Monday, November 13, 2017

I have traveled to my former home in Bonn, Germany, for the month of November. Why now, after some years of settling in back in Franklin County?

It’s because from Nov. 6 to Nov. 17, Germany’s former capital will host the next UN climate change conference (COP 23), where government delegations from around the world will discuss steps after the 2015 Paris Agreement. Yes, the voluntary one to reduce climate-warming gases, that only Syria and the USA are not signing. Another holdout, Nicaragua, finally signed on Oct 23, not wanting to be in that company. They had resisted because the agreement was not strong enough.

The island nation of Fiji is the actual conference organizer. But as it is threatened by climate disruption and unable to welcome some 20,000 people, the summit will be held in Bonn, home to the United Nations Framework Convention on Climate Change (UNFCCC). With the current backdrop of disastrous storms, raging wildfires and melting glaciers happening around the world, negotiations to strengthen the 2015 Paris Climate Agreement will be key, and resistance to the Trumpian withdrawal surely loud.
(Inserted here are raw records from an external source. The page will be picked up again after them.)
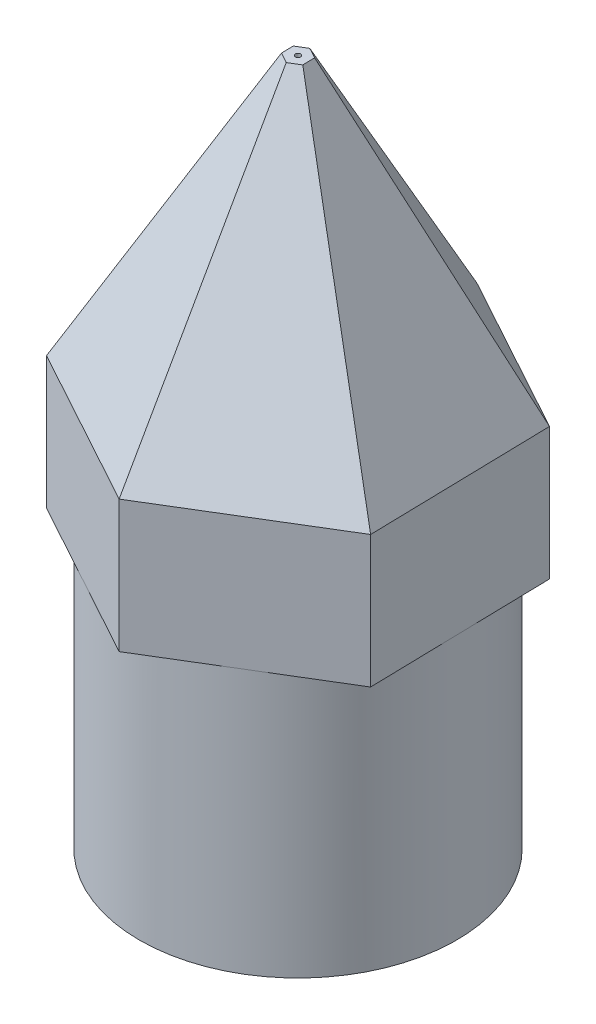
ISO-10303-21;
HEADER;
FILE_DESCRIPTION(('STEP AP214'),'2;1');
FILE_NAME('part.step','',(''),(''),'','','');
FILE_SCHEMA(('AUTOMOTIVE_DESIGN { 1 0 10303 214 1 1 1 1 }'));
ENDSEC;
DATA;
#1=APPLICATION_CONTEXT('core data for automotive mechanical design processes');
#2=APPLICATION_PROTOCOL_DEFINITION('international standard','automotive_design',2000,#1);
#3=PRODUCT_CONTEXT('',#1,'mechanical');
#4=PRODUCT('Part','Part','',(#3));
#5=PRODUCT_RELATED_PRODUCT_CATEGORY('part','',(#4));
#6=PRODUCT_DEFINITION_FORMATION('','',#4);
#7=PRODUCT_DEFINITION_CONTEXT('part definition',#1,'design');
#8=PRODUCT_DEFINITION('design','',#6,#7);
#9=PRODUCT_DEFINITION_SHAPE('','',#8);
#10=(LENGTH_UNIT() NAMED_UNIT(*) SI_UNIT(.MILLI.,.METRE.));
#11=(NAMED_UNIT(*) PLANE_ANGLE_UNIT() SI_UNIT($,.RADIAN.));
#12=(NAMED_UNIT(*) SI_UNIT($,.STERADIAN.) SOLID_ANGLE_UNIT());
#13=UNCERTAINTY_MEASURE_WITH_UNIT(LENGTH_MEASURE(1.E-05),#10,'distance_accuracy_value','');
#14=(GEOMETRIC_REPRESENTATION_CONTEXT(3) GLOBAL_UNCERTAINTY_ASSIGNED_CONTEXT((#13)) GLOBAL_UNIT_ASSIGNED_CONTEXT((#10,
#11,#12)) REPRESENTATION_CONTEXT('',''));
#15=CARTESIAN_POINT('',(0.,0.,0.));
#16=DIRECTION('',(0.,0.,1.));
#17=DIRECTION('',(1.,0.,0.));
#18=AXIS2_PLACEMENT_3D('',#15,#16,#17);
#19=CARTESIAN_POINT('',(0.,0.,0.));
#20=DIRECTION('',(0.,1.,0.));
#21=DIRECTION('',(0.,0.,1.));
#22=AXIS2_PLACEMENT_3D('',#19,#20,#21);
#23=CYLINDRICAL_SURFACE('',#22,0.05);
#24=CARTESIAN_POINT('',(0.,13.,0.));
#25=DIRECTION('',(0.,1.,0.));
#26=DIRECTION('',(0.,0.,1.));
#27=AXIS2_PLACEMENT_3D('',#24,#25,#26);
#28=CIRCLE('',#27,0.05);
#29=CARTESIAN_POINT('',(0.,13.,0.05));
#30=VERTEX_POINT('',#29);
#31=EDGE_CURVE('E297',#30,#30,#28,.T.);
#32=ORIENTED_EDGE('',*,*,#31,.T.);
#33=EDGE_LOOP('',(#32));
#34=FACE_BOUND('',#33,.T.);
#35=CARTESIAN_POINT('',(0.,7.5,0.));
#36=DIRECTION('',(0.,-1.,0.));
#37=DIRECTION('',(0.,0.,-1.));
#38=AXIS2_PLACEMENT_3D('',#35,#36,#37);
#39=CIRCLE('',#38,0.05);
#40=CARTESIAN_POINT('',(0.,7.5,-0.05));
#41=VERTEX_POINT('',#40);
#42=EDGE_CURVE('E43',#41,#41,#39,.F.);
#43=ORIENTED_EDGE('',*,*,#42,.F.);
#44=EDGE_LOOP('',(#43));
#45=FACE_BOUND('',#44,.T.);
#46=ADVANCED_FACE('F39',(#34,#45),#23,.F.);
#47=CARTESIAN_POINT('',(0.,5.,0.));
#48=DIRECTION('',(0.,-1.,0.));
#49=DIRECTION('',(0.,0.,-1.));
#50=AXIS2_PLACEMENT_3D('',#47,#48,#49);
#51=CYLINDRICAL_SURFACE('',#50,3.);
#52=CARTESIAN_POINT('',(0.,5.,0.));
#53=DIRECTION('',(0.,1.,0.));
#54=DIRECTION('',(0.,0.,1.));
#55=AXIS2_PLACEMENT_3D('',#52,#53,#54);
#56=CIRCLE('',#55,3.);
#57=CARTESIAN_POINT('',(1.55829101424744,5.,2.56353839739445));
#58=VERTEX_POINT('',#57);
#59=CARTESIAN_POINT('',(2.99923488284416,5.,-0.0677504061300782));
#60=VERTEX_POINT('',#59);
#61=EDGE_CURVE('E11',#58,#60,#56,.T.);
#62=ORIENTED_EDGE('',*,*,#61,.F.);
#63=CARTESIAN_POINT('',(-1.44094386859672,5.,2.63128880352452));
#64=VERTEX_POINT('',#63);
#65=EDGE_CURVE('E51',#64,#58,#56,.T.);
#66=ORIENTED_EDGE('',*,*,#65,.F.);
#67=CARTESIAN_POINT('',(-2.99923488284416,5.,0.0677504061300774));
#68=VERTEX_POINT('',#67);
#69=EDGE_CURVE('E61',#68,#64,#56,.T.);
#70=ORIENTED_EDGE('',*,*,#69,.F.);
#71=CARTESIAN_POINT('',(-1.55829101424744,5.,-2.56353839739445));
#72=VERTEX_POINT('',#71);
#73=EDGE_CURVE('E231',#72,#68,#56,.T.);
#74=ORIENTED_EDGE('',*,*,#73,.F.);
#75=CARTESIAN_POINT('',(1.44094386859672,5.,-2.63128880352453));
#76=VERTEX_POINT('',#75);
#77=EDGE_CURVE('E236',#76,#72,#56,.T.);
#78=ORIENTED_EDGE('',*,*,#77,.F.);
#79=EDGE_CURVE('E49',#60,#76,#56,.T.);
#80=ORIENTED_EDGE('',*,*,#79,.F.);
#81=EDGE_LOOP('',(#62,#66,#70,#74,#78,#80));
#82=FACE_BOUND('',#81,.T.);
#83=CARTESIAN_POINT('',(0.,0.,0.));
#84=DIRECTION('',(0.,1.,0.));
#85=DIRECTION('',(0.,0.,1.));
#86=AXIS2_PLACEMENT_3D('',#83,#84,#85);
#87=CIRCLE('',#86,3.);
#88=CARTESIAN_POINT('',(0.,0.,3.));
#89=VERTEX_POINT('',#88);
#90=EDGE_CURVE('E222',#89,#89,#87,.T.);
#91=ORIENTED_EDGE('',*,*,#90,.T.);
#92=EDGE_LOOP('',(#91));
#93=FACE_BOUND('',#92,.T.);
#94=ADVANCED_FACE('F41',(#82,#93),#51,.T.);
#95=CARTESIAN_POINT('',(0.,0.,0.));
#96=DIRECTION('',(0.,1.,0.));
#97=DIRECTION('',(0.,0.,1.));
#98=AXIS2_PLACEMENT_3D('',#95,#96,#97);
#99=PLANE('',#98);
#100=CARTESIAN_POINT('',(-0.05,0.,0.));
#101=DIRECTION('',(0.,-1.,0.));
#102=DIRECTION('',(0.,0.,-1.));
#103=AXIS2_PLACEMENT_3D('',#100,#101,#102);
#104=CIRCLE('',#103,2.12749457724864);
#105=CARTESIAN_POINT('',(-0.05,0.,-2.12749457724864));
#106=VERTEX_POINT('',#105);
#107=EDGE_CURVE('E307',#106,#106,#104,.T.);
#108=ORIENTED_EDGE('',*,*,#107,.F.);
#109=EDGE_LOOP('',(#108));
#110=FACE_BOUND('',#109,.T.);
#111=ORIENTED_EDGE('',*,*,#90,.F.);
#112=EDGE_LOOP('',(#111));
#113=FACE_BOUND('',#112,.T.);
#114=ADVANCED_FACE('F353',(#110,#113),#99,.F.);
#115=CARTESIAN_POINT('',(0.,5.,0.));
#116=DIRECTION('',(0.,1.,0.));
#117=DIRECTION('',(0.,0.,1.));
#118=AXIS2_PLACEMENT_3D('',#115,#116,#117);
#119=PLANE('',#118);
#120=DIRECTION('',(0.854512799131482,0.,-0.51943033808248));
#121=VECTOR('',#120,1.);
#122=CARTESIAN_POINT('',(0.0782314304338125,5.,3.46321813394598));
#123=LINE('',#122,#121);
#124=CARTESIAN_POINT('',(3.03835059806106,5.,1.66385866084291));
#125=VERTEX_POINT('',#124);
#126=EDGE_CURVE('E167',#58,#125,#123,.T.);
#127=ORIENTED_EDGE('',*,*,#126,.F.);
#128=ORIENTED_EDGE('',*,*,#61,.T.);
#129=DIRECTION('',(-0.0225834687100261,0.,-0.999744960948053));
#130=VECTOR('',#129,1.);
#131=CARTESIAN_POINT('',(3.03835059806106,5.,1.66385866084291));
#132=LINE('',#131,#130);
#133=EDGE_CURVE('E186',#125,#60,#132,.T.);
#134=ORIENTED_EDGE('',*,*,#133,.F.);
#135=EDGE_LOOP('',(#127,#128,#134));
#136=FACE_BOUND('',#135,.T.);
#137=ADVANCED_FACE('F481',(#136),#119,.F.);
#138=CARTESIAN_POINT('',(2.96011916762725,5.,-1.79935947310307));
#139=VERTEX_POINT('',#138);
#140=EDGE_CURVE('E185',#60,#139,#132,.T.);
#141=ORIENTED_EDGE('',*,*,#140,.F.);
#142=ORIENTED_EDGE('',*,*,#79,.T.);
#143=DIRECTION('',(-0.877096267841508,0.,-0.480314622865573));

Thanks to a grant from the Traprock Center for Peace & Justice, U.S. sponsor of our Women & Life on Earth internet project, I am able to be part of this history and report back. Not from the conference floor, but outside and from various public forums, where people from around the world will meet, act and demonstrate as “civil society” for stronger, rapid action for climate protection. I am looking forward to speakers and workshops at the People’s Climate Summit; to joining a climate march against coal, with a focus on the largest CO2 emitter in Europe — a giant open-pit coal mine north of Bonn; a Save the Climate demonstration and more.

As Nov. 11 is the 99th anniversary of the end of World War I, this is an appropriate time to make connections between militarism and climate disruption. It is also the anniversary week of the Women’s Pentagon Action back in 1980, when 2,000 women surrounded that center of war, demanding “no more amazing inventions for death!”

As Traprock Director Pat Hynes says, “Climate change is inevitably an issue of peace because the Pentagon is the single largest contributor of climate change emissions in the world. And as the Pentagon goes, so go the military budgets of other major powers,” in her article “War and Warming: Can We Save the Planet Without Taking on the Pentagon?”

The twin dangers we face, of a nuclear war and more climate catastrophes, are increased by our government’s misguided, even criminal, priorities. “Between 2010 and 2015,” Hynes writes, “the federal government invested $56 billion in clean energy internationally, while it recently committed to $1 trillion for modernizing nuclear weapons, their infrastructure and their delivery systems by 2030.”

Is this the future we want? Other countries have taken the lead in ecological transitions, and we need to know their stories.

Following the summit, I will interview German climate and peace activists and experts. How is Germany meeting its climate goals? After so much success with solar and wind energy, why is there still such dependence on coal and cars? How successful is the country’s post-Fukushima shutdown of some, and current phase-out of the rest, of its nuclear reactors?

And then there is the influx of war-related refugees — and right-wing movements against them. Seeing the activist Chinese artist Ai Weiwei’s new movie “Human Flow” recently brought this issue home with moving force. The 65 million people now fleeing war, oppression and climate changes, too, represent the largest number of refugees since World War II.

Germany has changed since I lived there, and now the U.S. has too, in ways that alarm and astonish the world. I expect that much will be learned and exchanged. And look forward to going, reporting back, and coming home again.